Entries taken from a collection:
━━━━━━━━━━━━━━━━━━━━
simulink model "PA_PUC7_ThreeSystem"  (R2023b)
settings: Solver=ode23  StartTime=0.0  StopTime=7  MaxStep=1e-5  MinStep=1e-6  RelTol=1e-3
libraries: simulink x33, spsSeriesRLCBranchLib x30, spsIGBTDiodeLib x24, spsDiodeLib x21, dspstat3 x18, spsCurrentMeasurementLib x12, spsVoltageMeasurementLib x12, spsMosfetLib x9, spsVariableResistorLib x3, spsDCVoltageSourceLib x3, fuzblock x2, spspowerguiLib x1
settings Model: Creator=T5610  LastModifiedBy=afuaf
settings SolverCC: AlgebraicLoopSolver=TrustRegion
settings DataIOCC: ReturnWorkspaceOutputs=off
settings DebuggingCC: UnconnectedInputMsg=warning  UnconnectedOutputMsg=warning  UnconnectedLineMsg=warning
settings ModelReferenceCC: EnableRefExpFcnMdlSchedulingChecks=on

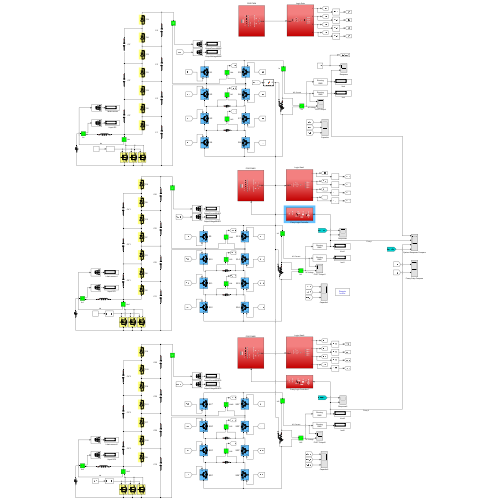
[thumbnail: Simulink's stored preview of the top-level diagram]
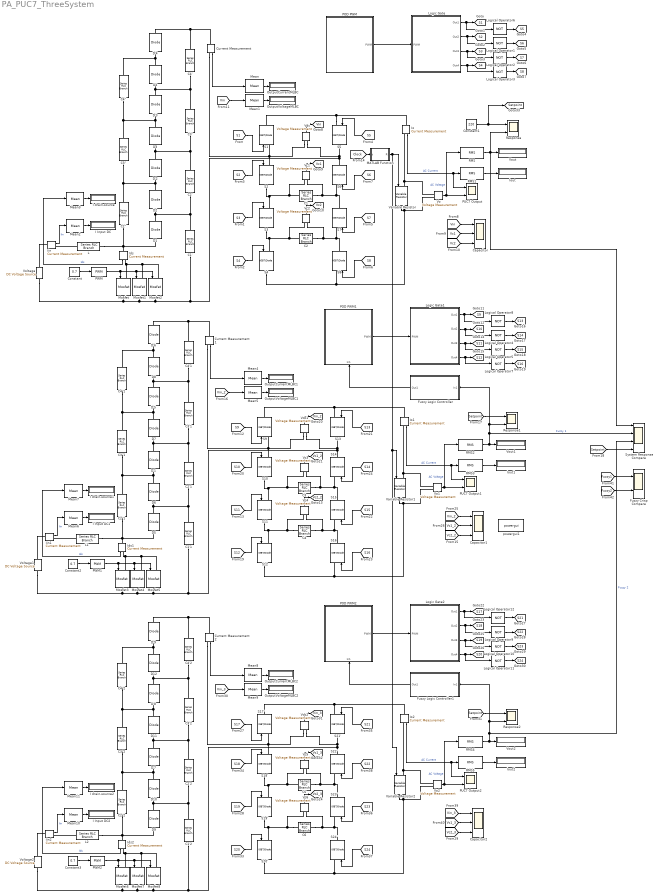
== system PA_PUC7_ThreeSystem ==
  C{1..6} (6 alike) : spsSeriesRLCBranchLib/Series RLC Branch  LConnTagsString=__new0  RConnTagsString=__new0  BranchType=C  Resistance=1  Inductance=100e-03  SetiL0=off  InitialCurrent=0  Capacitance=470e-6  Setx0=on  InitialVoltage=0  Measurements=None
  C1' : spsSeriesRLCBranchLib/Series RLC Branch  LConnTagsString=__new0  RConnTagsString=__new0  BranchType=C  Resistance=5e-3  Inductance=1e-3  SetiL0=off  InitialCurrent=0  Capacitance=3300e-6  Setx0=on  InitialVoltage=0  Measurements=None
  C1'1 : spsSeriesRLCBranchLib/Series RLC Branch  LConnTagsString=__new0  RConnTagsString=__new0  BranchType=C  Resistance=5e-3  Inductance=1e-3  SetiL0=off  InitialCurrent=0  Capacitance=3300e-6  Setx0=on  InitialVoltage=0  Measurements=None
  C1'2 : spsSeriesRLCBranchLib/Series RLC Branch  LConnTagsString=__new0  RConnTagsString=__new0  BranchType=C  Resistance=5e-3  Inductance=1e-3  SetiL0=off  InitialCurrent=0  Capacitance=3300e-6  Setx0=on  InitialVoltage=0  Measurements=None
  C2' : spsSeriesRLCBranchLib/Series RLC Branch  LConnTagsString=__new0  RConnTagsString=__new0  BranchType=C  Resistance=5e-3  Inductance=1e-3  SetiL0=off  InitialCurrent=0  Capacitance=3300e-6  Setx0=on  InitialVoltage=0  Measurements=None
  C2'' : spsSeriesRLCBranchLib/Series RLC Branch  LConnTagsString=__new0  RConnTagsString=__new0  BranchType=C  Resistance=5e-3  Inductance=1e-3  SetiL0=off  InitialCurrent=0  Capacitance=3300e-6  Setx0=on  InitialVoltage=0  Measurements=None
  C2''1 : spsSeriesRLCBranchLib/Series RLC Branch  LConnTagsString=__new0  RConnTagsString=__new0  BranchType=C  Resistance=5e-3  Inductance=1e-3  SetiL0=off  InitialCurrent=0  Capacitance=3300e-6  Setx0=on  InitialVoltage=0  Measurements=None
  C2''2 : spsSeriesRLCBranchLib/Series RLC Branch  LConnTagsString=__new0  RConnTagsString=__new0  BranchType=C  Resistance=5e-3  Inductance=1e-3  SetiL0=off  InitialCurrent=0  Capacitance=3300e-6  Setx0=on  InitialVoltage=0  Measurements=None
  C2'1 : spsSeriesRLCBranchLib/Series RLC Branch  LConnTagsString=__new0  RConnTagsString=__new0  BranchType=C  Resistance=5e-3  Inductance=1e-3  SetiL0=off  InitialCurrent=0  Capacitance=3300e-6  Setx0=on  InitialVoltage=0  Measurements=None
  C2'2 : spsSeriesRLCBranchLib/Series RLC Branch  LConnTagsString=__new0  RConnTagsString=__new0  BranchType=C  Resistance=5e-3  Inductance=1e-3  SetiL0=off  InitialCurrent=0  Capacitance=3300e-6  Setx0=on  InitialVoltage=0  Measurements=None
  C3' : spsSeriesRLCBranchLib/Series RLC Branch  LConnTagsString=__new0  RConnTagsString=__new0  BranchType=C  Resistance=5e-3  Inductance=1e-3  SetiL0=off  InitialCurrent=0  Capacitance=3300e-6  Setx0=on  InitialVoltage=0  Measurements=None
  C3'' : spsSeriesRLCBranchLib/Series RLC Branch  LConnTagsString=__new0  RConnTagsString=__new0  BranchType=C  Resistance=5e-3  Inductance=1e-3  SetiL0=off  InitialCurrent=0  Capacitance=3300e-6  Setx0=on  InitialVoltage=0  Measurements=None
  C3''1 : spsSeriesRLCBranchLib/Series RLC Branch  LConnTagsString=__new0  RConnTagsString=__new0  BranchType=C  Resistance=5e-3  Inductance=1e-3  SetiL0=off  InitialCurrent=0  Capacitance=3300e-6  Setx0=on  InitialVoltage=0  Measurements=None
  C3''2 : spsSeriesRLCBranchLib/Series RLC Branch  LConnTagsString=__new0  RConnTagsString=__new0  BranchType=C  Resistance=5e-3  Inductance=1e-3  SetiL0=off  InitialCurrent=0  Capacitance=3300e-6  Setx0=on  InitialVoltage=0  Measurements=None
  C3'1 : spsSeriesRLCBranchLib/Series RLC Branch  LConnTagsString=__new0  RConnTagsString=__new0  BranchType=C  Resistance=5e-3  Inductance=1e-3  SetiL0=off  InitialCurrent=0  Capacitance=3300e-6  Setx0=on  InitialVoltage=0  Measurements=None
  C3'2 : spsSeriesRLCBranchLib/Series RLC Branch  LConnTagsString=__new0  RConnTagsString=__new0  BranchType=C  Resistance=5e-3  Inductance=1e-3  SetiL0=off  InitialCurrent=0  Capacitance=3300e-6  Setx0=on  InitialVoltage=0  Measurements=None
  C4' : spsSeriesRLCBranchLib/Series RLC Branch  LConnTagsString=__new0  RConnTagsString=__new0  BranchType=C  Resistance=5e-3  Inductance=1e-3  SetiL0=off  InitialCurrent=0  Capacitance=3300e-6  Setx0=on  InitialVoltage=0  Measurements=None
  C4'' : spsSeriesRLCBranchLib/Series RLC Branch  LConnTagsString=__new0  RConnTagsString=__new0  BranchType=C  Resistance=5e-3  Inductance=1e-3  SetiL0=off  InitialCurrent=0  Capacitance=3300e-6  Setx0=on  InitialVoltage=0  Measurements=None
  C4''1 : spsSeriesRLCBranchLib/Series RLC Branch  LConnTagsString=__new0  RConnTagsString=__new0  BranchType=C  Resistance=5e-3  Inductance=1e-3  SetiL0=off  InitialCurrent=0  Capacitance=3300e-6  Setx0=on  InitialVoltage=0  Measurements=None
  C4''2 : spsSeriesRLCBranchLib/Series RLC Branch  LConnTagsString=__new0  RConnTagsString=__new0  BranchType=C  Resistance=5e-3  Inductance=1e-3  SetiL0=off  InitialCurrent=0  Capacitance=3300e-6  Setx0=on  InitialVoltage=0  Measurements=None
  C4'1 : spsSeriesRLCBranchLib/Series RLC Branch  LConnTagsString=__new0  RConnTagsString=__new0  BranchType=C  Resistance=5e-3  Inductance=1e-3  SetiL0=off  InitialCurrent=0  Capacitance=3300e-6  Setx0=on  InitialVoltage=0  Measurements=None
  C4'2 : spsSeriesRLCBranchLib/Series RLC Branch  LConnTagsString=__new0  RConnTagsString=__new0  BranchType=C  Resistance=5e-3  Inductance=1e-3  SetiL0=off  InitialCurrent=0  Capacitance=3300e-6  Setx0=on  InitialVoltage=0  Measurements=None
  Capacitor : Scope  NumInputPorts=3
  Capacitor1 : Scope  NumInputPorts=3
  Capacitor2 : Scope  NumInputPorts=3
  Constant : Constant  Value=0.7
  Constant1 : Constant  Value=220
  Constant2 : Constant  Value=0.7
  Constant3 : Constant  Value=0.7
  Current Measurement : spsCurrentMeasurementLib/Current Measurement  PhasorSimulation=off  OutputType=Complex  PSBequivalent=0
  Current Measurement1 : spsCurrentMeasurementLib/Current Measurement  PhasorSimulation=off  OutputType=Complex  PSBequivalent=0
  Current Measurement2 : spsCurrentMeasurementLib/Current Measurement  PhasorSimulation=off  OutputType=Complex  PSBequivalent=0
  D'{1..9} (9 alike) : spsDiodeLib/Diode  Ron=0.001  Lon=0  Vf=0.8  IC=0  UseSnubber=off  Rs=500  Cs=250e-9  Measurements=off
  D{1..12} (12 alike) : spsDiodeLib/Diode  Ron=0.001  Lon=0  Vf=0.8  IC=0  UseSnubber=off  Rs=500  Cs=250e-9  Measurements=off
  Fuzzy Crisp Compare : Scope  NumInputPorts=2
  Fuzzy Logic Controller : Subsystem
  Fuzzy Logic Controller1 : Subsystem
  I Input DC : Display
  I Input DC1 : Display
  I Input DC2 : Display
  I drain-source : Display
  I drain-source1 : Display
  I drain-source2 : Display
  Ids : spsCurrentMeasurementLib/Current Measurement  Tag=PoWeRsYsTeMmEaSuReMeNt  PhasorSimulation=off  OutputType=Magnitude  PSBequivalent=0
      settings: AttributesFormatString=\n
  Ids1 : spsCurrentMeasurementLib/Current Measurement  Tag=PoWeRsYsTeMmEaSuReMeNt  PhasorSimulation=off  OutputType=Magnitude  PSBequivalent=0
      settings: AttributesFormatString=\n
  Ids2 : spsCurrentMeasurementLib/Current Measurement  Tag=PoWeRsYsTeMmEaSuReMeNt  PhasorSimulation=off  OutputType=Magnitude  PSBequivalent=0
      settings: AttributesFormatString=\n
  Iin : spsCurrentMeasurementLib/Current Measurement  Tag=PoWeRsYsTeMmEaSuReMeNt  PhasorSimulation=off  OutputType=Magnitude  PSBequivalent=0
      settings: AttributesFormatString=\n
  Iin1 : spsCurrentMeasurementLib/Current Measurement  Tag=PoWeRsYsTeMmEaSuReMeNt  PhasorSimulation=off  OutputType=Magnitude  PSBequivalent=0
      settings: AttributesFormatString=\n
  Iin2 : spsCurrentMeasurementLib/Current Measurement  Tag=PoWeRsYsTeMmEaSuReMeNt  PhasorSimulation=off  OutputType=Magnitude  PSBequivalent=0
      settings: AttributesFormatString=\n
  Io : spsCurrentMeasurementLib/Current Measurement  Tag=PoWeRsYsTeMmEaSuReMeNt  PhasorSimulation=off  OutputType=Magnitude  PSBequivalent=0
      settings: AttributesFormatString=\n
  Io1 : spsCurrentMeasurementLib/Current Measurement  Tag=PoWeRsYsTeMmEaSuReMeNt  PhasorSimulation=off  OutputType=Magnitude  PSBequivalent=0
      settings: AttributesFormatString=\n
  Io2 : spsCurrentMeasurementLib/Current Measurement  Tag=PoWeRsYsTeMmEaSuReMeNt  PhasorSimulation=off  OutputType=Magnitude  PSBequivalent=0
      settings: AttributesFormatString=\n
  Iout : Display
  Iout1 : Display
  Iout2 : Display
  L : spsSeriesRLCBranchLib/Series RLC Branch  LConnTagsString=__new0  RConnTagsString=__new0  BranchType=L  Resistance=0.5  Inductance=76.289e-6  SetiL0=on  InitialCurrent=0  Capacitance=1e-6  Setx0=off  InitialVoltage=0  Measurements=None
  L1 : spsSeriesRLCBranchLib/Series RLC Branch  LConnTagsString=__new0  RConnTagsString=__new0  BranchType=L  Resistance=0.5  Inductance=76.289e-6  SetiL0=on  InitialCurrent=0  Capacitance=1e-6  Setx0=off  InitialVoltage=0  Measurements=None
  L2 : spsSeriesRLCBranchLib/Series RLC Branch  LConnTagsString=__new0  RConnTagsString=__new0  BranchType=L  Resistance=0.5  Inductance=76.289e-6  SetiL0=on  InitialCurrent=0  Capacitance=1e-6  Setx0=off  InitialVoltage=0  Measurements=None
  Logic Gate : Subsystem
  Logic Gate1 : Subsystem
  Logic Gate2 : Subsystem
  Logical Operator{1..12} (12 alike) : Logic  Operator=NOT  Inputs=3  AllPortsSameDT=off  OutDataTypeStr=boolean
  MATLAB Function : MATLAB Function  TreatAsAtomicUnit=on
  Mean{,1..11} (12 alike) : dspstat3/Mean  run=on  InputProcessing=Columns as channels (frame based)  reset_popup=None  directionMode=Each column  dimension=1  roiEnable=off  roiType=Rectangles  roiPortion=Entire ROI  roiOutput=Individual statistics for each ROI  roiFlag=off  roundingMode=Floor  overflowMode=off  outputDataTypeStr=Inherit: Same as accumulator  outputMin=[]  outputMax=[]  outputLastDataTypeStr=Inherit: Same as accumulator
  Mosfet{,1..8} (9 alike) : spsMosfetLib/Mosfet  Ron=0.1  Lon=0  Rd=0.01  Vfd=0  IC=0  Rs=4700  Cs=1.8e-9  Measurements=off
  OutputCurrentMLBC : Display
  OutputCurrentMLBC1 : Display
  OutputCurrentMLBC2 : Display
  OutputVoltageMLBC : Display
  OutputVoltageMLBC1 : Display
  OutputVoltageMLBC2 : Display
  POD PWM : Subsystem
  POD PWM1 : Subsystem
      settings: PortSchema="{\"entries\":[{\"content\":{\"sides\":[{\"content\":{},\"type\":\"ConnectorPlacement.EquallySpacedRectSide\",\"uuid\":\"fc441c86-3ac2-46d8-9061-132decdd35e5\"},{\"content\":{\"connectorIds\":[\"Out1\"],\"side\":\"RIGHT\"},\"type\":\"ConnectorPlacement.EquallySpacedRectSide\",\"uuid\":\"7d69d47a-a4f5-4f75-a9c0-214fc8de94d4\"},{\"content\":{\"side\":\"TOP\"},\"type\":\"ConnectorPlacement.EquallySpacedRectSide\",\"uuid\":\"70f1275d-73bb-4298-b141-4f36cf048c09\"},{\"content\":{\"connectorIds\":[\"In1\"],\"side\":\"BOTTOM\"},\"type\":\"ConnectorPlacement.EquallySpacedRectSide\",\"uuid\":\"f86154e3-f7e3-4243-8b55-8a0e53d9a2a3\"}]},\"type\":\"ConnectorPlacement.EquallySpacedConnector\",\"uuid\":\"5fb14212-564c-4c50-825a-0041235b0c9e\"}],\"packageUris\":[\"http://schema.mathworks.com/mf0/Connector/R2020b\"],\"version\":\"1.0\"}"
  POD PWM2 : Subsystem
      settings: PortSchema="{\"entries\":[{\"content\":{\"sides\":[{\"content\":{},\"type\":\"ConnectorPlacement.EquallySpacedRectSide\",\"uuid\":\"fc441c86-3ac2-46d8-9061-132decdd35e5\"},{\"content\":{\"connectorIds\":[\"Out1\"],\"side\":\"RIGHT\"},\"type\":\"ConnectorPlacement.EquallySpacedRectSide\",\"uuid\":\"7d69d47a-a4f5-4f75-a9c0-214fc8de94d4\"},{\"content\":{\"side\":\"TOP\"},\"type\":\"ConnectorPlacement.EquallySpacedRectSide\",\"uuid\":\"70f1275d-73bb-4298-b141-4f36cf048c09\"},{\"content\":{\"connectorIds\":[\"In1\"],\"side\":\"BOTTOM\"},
━━━━━━━━━━━━━━━━━━━━
What needs to be done:
Given the data above, transcribe exactly the lines from the one containing "C4' : spsSeriesRLCBranchLib/Series" down to the one containing "Constant1 : Constant", and no others.

Task solution:
  C4' : spsSeriesRLCBranchLib/Series RLC Branch  LConnTagsString=__new0  RConnTagsString=__new0  BranchType=C  Resistance=5e-3  Inductance=1e-3  SetiL0=off  InitialCurrent=0  Capacitance=3300e-6  Setx0=on  InitialVoltage=0  Measurements=None
  C4'' : spsSeriesRLCBranchLib/Series RLC Branch  LConnTagsString=__new0  RConnTagsString=__new0  BranchType=C  Resistance=5e-3  Inductance=1e-3  SetiL0=off  InitialCurrent=0  Capacitance=3300e-6  Setx0=on  InitialVoltage=0  Measurements=None
  C4''1 : spsSeriesRLCBranchLib/Series RLC Branch  LConnTagsString=__new0  RConnTagsString=__new0  BranchType=C  Resistance=5e-3  Inductance=1e-3  SetiL0=off  InitialCurrent=0  Capacitance=3300e-6  Setx0=on  InitialVoltage=0  Measurements=None
  C4''2 : spsSeriesRLCBranchLib/Series RLC Branch  LConnTagsString=__new0  RConnTagsString=__new0  BranchType=C  Resistance=5e-3  Inductance=1e-3  SetiL0=off  InitialCurrent=0  Capacitance=3300e-6  Setx0=on  InitialVoltage=0  Measurements=None
  C4'1 : spsSeriesRLCBranchLib/Series RLC Branch  LConnTagsString=__new0  RConnTagsString=__new0  BranchType=C  Resistance=5e-3  Inductance=1e-3  SetiL0=off  InitialCurrent=0  Capacitance=3300e-6  Setx0=on  InitialVoltage=0  Measurements=None
  C4'2 : spsSeriesRLCBranchLib/Series RLC Branch  LConnTagsString=__new0  RConnTagsString=__new0  BranchType=C  Resistance=5e-3  Inductance=1e-3  SetiL0=off  InitialCurrent=0  Capacitance=3300e-6  Setx0=on  InitialVoltage=0  Measurements=None
  Capacitor : Scope  NumInputPorts=3
  Capacitor1 : Scope  NumInputPorts=3
  Capacitor2 : Scope  NumInputPorts=3
  Constant : Constant  Value=0.7
  Constant1 : Constant  Value=220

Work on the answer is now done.